▶ [EXERCISE OBJECTIVE]: Without the pictures, reproduce the entries below exactly.

═════ MATERIAL SHOWN

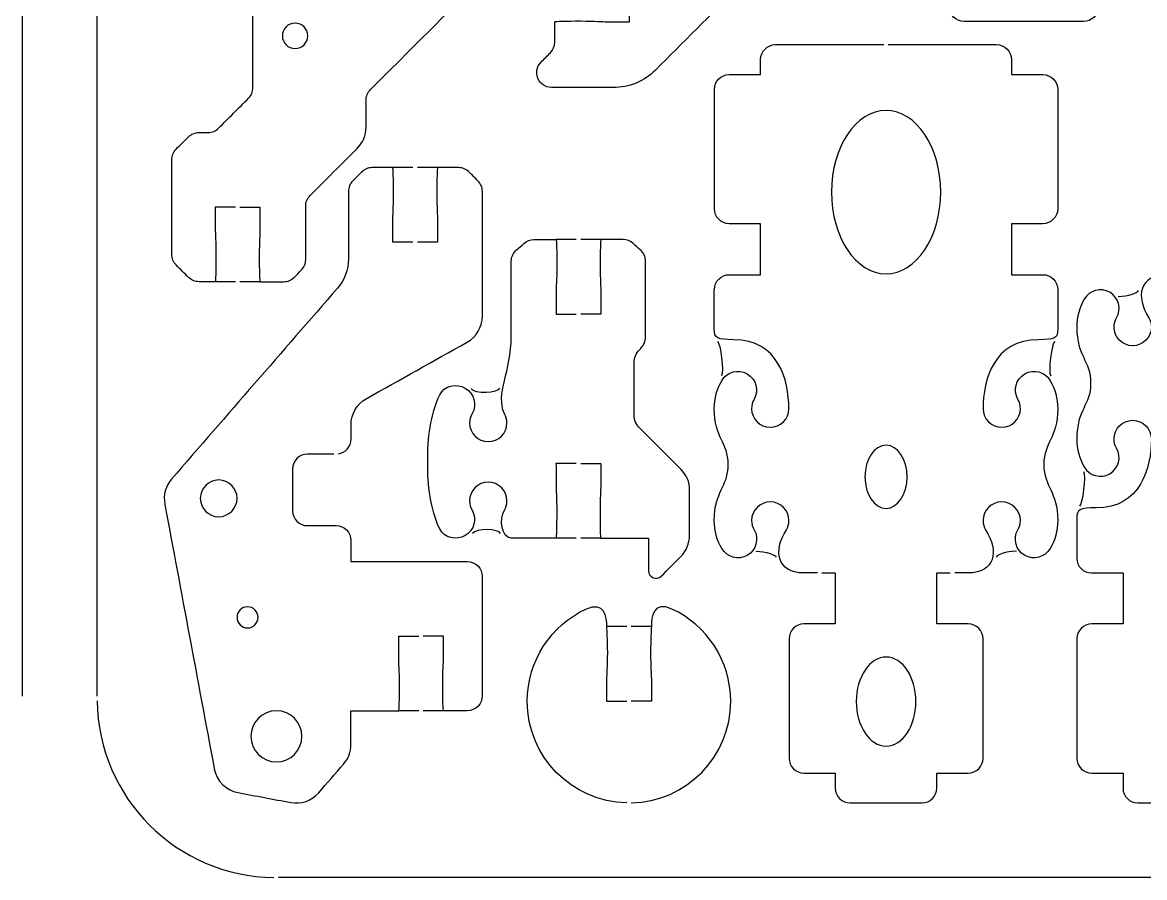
# Model space of a CAD drawing. Extents: x 0 to 410, y 0 to 455.
# Drawn here: x 135.1 to 210.2, y 230 to 287.3 of the extents above; entities that cross this region are included whole.
import ezdxf

# ---------------------------------------------------------------- set-up
doc = ezdxf.new("R2010")
doc.units = 0
doc.header["$MEASUREMENT"] = 0
doc.layers.add('DEFAULT', color=18, linetype='CONTINUOUS')

msp = doc.modelspace()

# ---------------------------------------------------------------- linework, layer by layer
at = {"layer": 'DEFAULT', "color": 1}
for points in [[(135.05, 242.15), (135.05, 437.847)], [(140.05, 242.15), (140.05, 437.847)], [(161.21, 277.58), (159.858, 277.58)], [(162.861, 277.58), (161.509, 277.58)], [(172.153, 272.757), (170.802, 272.757)], [(173.804, 272.757), (172.453, 272.757)], [(149.314, 269.935), (147.963, 269.935)], [(150.965, 269.935), (149.614, 269.935)], [(172.153, 252.755), (170.802, 252.755)], [(173.804, 252.755), (172.453, 252.755)], [(175.536, 246.818), (174.188, 246.818)], [(177.187, 246.818), (175.836, 246.818)], [(161.608, 241.177), (160.257, 241.177)], [(163.259, 241.177), (161.908, 241.177)], [(257.901, 230), (152.203, 230)]]:
    msp.add_lwpolyline(points, dxfattribs=at)
for points, knots in [([(149.614, 274.938), (150.064, 274.938), (150.515, 274.938), (150.965, 274.938), (150.965, 274.438), (150.965, 273.938), (150.965, 273.438), (150.965, 273.153), (150.916, 272.652), (150.916, 271.685), (150.916, 270.718), (150.94, 269.935), (150.965, 269.935), (151.494, 269.935), (152.023, 269.935), (152.552, 269.935), (152.817, 269.935), (153.075, 270.045), (153.262, 270.228), (153.419, 270.388), (153.577, 270.548), (153.734, 270.708), (153.921, 270.891), (154.027, 271.149), (154.027, 271.413), (154.027, 272.61), (154.027, 273.808), (154.027, 275.005), (154.027, 275.269), (154.133, 275.52), (154.32, 275.71), (155.375, 276.764), (156.429, 277.817), (157.484, 278.871), (157.858, 279.245), (158.07, 279.753), (158.07, 280.286), (158.07, 280.891), (158.07, 281.497), (158.07, 282.102), (158.07, 282.367), (158.176, 282.618), (158.363, 282.808), (161.493, 285.937), (164.623, 289.066), (167.754, 292.195), (168.128, 292.569), (168.339, 293.077), (168.339, 293.614), (168.339, 298.491), (168.339, 303.369), (168.339, 308.247), (168.339, 308.783), (168.128, 309.291), (167.754, 309.669), (167.29, 310.131), (166.827, 310.593), (166.364, 311.055), (166.177, 311.238), (165.919, 311.344), (165.655, 311.344), (165.171, 311.344), (164.688, 311.344), (164.205, 311.344), (163.651, 311.344), (163.206, 310.9), (163.206, 310.349), (163.206, 309.983), (163.206, 309.616), (163.206, 309.249), (162.501, 309.249), (161.795, 309.249), (161.09, 309.249), (160.536, 309.249), (160.091, 308.797), (160.091, 308.247), (160.091, 307.774), (160.091, 307.301), (160.091, 306.829), (159.025, 306.829), (157.958, 306.829), (156.892, 306.829), (156.863, 306.829), (156.842, 306.046), (156.842, 305.079), (156.842, 304.109), (156.892, 303.611), (156.892, 303.329), (156.892, 302.829), (156.892, 302.33), (156.892, 301.83), (156.441, 301.83), (155.991, 301.83), (155.54, 301.83)], [0, 0, 0, 0, 3.83, 3.83, 3.83, 8.08, 8.08, 8.08, 9.08, 9.08, 9.08, 10.08, 10.08, 10.08, 14.58, 14.58, 14.58, 15.58, 15.58, 15.58, 17.489241, 17.489241, 17.489241, 18.489241, 18.489241, 18.489241, 28.669241, 28.669241, 28.669241, 29.669241, 29.669241, 29.669241, 42.347667, 42.347667, 42.347667, 43.347667, 43.347667, 43.347667, 48.497667, 48.497667, 48.497667, 49.497667, 49.497667, 49.497667, 87.136962, 87.136962, 87.136962, 88.136962, 88.136962, 88.136962, 129.616962, 129.616962, 129.616962, 130.616962, 130.616962, 130.616962, 136.181897, 136.181897, 136.181897, 137.181897, 137.181897, 137.181897, 141.291897, 141.291897, 141.291897, 142.291897, 142.291897, 142.291897, 145.411897, 145.411897, 145.411897, 151.411897, 151.411897, 151.411897, 152.411897, 152.411897, 152.411897, 156.431897, 156.431897, 156.431897, 165.501897, 165.501897, 165.501897, 166.501897, 166.501897, 166.501897, 167.501897, 167.501897, 167.501897, 171.751897, 171.751897, 171.751897, 175.581897, 175.581897, 175.581897, 175.581897]), ([(209.138, 293.518), (209.138, 292.836), (209.138, 292.154), (209.138, 291.472), (209.138, 290.918), (208.686, 290.47), (208.136, 290.47), (207.804, 290.47), (207.473, 290.47), (207.141, 290.47), (207.14, 289.772), (207.139, 289.073), (207.138, 288.375), (207.138, 287.821), (206.69, 287.373), (206.136, 287.373), (203.47, 287.374), (200.804, 287.375), (198.138, 287.377), (197.588, 287.377), (197.14, 287.825), (197.14, 288.378), (197.14, 289.077), (197.14, 289.775), (197.14, 290.474), (196.001, 290.474), (194.861, 290.474), (193.722, 290.474), (193.722, 290.468), (193.722, 290.462), (193.722, 290.456), (191.985, 290.456), (190.248, 290.456), (188.511, 290.456), (188.511, 289.897), (188.511, 289.337), (188.511, 288.777), (188.511, 288.227), (188.063, 287.779), (187.509, 287.779), (187.242, 287.779), (186.975, 287.779), (186.708, 287.779), (186.444, 287.779), (186.19, 287.881), (186.003, 288.068), (185.474, 288.597), (184.944, 289.126), (184.415, 289.655), (184.027, 290.044), (183.392, 290.044), (183.004, 289.655), (181.157, 287.809), (179.309, 285.963), (177.462, 284.117), (176.711, 283.365), (175.695, 282.946), (174.636, 282.946), (173.259, 282.946), (171.882, 282.946), (170.505, 282.946), (169.613, 282.946), (169.168, 284.022), (169.796, 284.653), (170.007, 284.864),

══════════

▶ [WRITTEN ANSWER]:
# Model space of a CAD drawing. Extents: x 0 to 410, y 0 to 455.
# Drawn here: x 135.1 to 210.2, y 230 to 287.3 of the extents above; entities that cross this region are included whole.
import ezdxf

# ---------------------------------------------------------------- set-up
doc = ezdxf.new("R2010")
doc.units = 0
doc.header["$MEASUREMENT"] = 0
doc.layers.add('DEFAULT', color=18, linetype='CONTINUOUS')

msp = doc.modelspace()

# ---------------------------------------------------------------- linework, layer by layer
at = {"layer": 'DEFAULT', "color": 1}
for points in [[(135.05, 242.15), (135.05, 437.847)], [(140.05, 242.15), (140.05, 437.847)], [(161.21, 277.58), (159.858, 277.58)], [(162.861, 277.58), (161.509, 277.58)], [(172.153, 272.757), (170.802, 272.757)], [(173.804, 272.757), (172.453, 272.757)], [(149.314, 269.935), (147.963, 269.935)], [(150.965, 269.935), (149.614, 269.935)], [(172.153, 252.755), (170.802, 252.755)], [(173.804, 252.755), (172.453, 252.755)], [(175.536, 246.818), (174.188, 246.818)], [(177.187, 246.818), (175.836, 246.818)], [(161.608, 241.177), (160.257, 241.177)], [(163.259, 241.177), (161.908, 241.177)], [(257.901, 230), (152.203, 230)]]:
    msp.add_lwpolyline(points, dxfattribs=at)
for points, knots in [([(149.614, 274.938), (150.064, 274.938), (150.515, 274.938), (150.965, 274.938), (150.965, 274.438), (150.965, 273.938), (150.965, 273.438), (150.965, 273.153), (150.916, 272.652), (150.916, 271.685), (150.916, 270.718), (150.94, 269.935), (150.965, 269.935), (151.494, 269.935), (152.023, 269.935), (152.552, 269.935), (152.817, 269.935), (153.075, 270.045), (153.262, 270.228), (153.419, 270.388), (153.577, 270.548), (153.734, 270.708), (153.921, 270.891), (154.027, 271.149), (154.027, 271.413), (154.027, 272.61), (154.027, 273.808), (154.027, 275.005), (154.027, 275.269), (154.133, 275.52), (154.32, 275.71), (155.375, 276.764), (156.429, 277.817), (157.484, 278.871), (157.858, 279.245), (158.07, 279.753), (158.07, 280.286), (158.07, 280.891), (158.07, 281.497), (158.07, 282.102), (158.07, 282.367), (158.176, 282.618), (158.363, 282.808), (161.493, 285.937), (164.623, 289.066), (167.754, 292.195), (168.128, 292.569), (168.339, 293.077), (168.339, 293.614), (168.339, 298.491), (168.339, 303.369), (168.339, 308.247), (168.339, 308.783), (168.128, 309.291), (167.754, 309.669), (167.29, 310.131), (166.827, 310.593), (166.364, 311.055), (166.177, 311.238), (165.919, 311.344), (165.655, 311.344), (165.171, 311.344), (164.688, 311.344), (164.205, 311.344), (163.651, 311.344), (163.206, 310.9), (163.206, 310.349), (163.206, 309.983), (163.206, 309.616), (163.206, 309.249), (162.501, 309.249), (161.795, 309.249), (161.09, 309.249), (160.536, 309.249), (160.091, 308.797), (160.091, 308.247), (160.091, 307.774), (160.091, 307.301), (160.091, 306.829), (159.025, 306.829), (157.958, 306.829), (156.892, 306.829), (156.863, 306.829), (156.842, 306.046), (156.842, 305.079), (156.842, 304.109), (156.892, 303.611), (156.892, 303.329), (156.892, 302.829), (156.892, 302.33), (156.892, 301.83), (156.441, 301.83), (155.991, 301.83), (155.54, 301.83)], [0, 0, 0, 0, 3.83, 3.83, 3.83, 8.08, 8.08, 8.08, 9.08, 9.08, 9.08, 10.08, 10.08, 10.08, 14.58, 14.58, 14.58, 15.58, 15.58, 15.58, 17.489241, 17.489241, 17.489241, 18.489241, 18.489241, 18.489241, 28.669241, 28.669241, 28.669241, 29.669241, 29.669241, 29.669241, 42.347667, 42.347667, 42.347667, 43.347667, 43.347667, 43.347667, 48.497667, 48.497667, 48.497667, 49.497667, 49.497667, 49.497667, 87.136962, 87.136962, 87.136962, 88.136962, 88.136962, 88.136962, 129.616962, 129.616962, 129.616962, 130.616962, 130.616962, 130.616962, 136.181897, 136.181897, 136.181897, 137.181897, 137.181897, 137.181897, 141.291897, 141.291897, 141.291897, 142.291897, 142.291897, 142.291897, 145.411897, 145.411897, 145.411897, 151.411897, 151.411897, 151.411897, 152.411897, 152.411897, 152.411897, 156.431897, 156.431897, 156.431897, 165.501897, 165.501897, 165.501897, 166.501897, 166.501897, 166.501897, 167.501897, 167.501897, 167.501897, 171.751897, 171.751897, 171.751897, 175.581897, 175.581897, 175.581897, 175.581897]), ([(209.138, 293.518), (209.138, 292.836), (209.138, 292.154), (209.138, 291.472), (209.138, 290.918), (208.686, 290.47), (208.136, 290.47), (207.804, 290.47), (207.473, 290.47), (207.141, 290.47), (207.14, 289.772), (207.139, 289.073), (207.138, 288.375), (207.138, 287.821), (206.69, 287.373), (206.136, 287.373), (203.47, 287.374), (200.804, 287.375), (198.138, 287.377), (197.588, 287.377), (197.14, 287.825), (197.14, 288.378), (197.14, 289.077), (197.14, 289.775), (197.14, 290.474), (196.001, 290.474), (194.861, 290.474), (193.722, 290.474), (193.722, 290.468), (193.722, 290.462), (193.722, 290.456), (191.985, 290.456), (190.248, 290.456), (188.511, 290.456), (188.511, 289.897), (188.511, 289.337), (188.511, 288.777), (188.511, 288.227), (188.063, 287.779), (187.509, 287.779), (187.242, 287.779), (186.975, 287.779), (186.708, 287.779), (186.444, 287.779), (186.19, 287.881), (186.003, 288.068), (185.474, 288.597), (184.944, 289.126), (184.415, 289.655), (184.027, 290.044), (183.392, 290.044), (183.004, 289.655), (181.157, 287.809), (179.309, 285.963), (177.462, 284.117), (176.711, 283.365), (175.695, 282.946), (174.636, 282.946), (173.259, 282.946), (171.882, 282.946), (170.505, 282.946), (169.613, 282.946), (169.168, 284.022), (169.796, 284.653), (170.007, 284.864),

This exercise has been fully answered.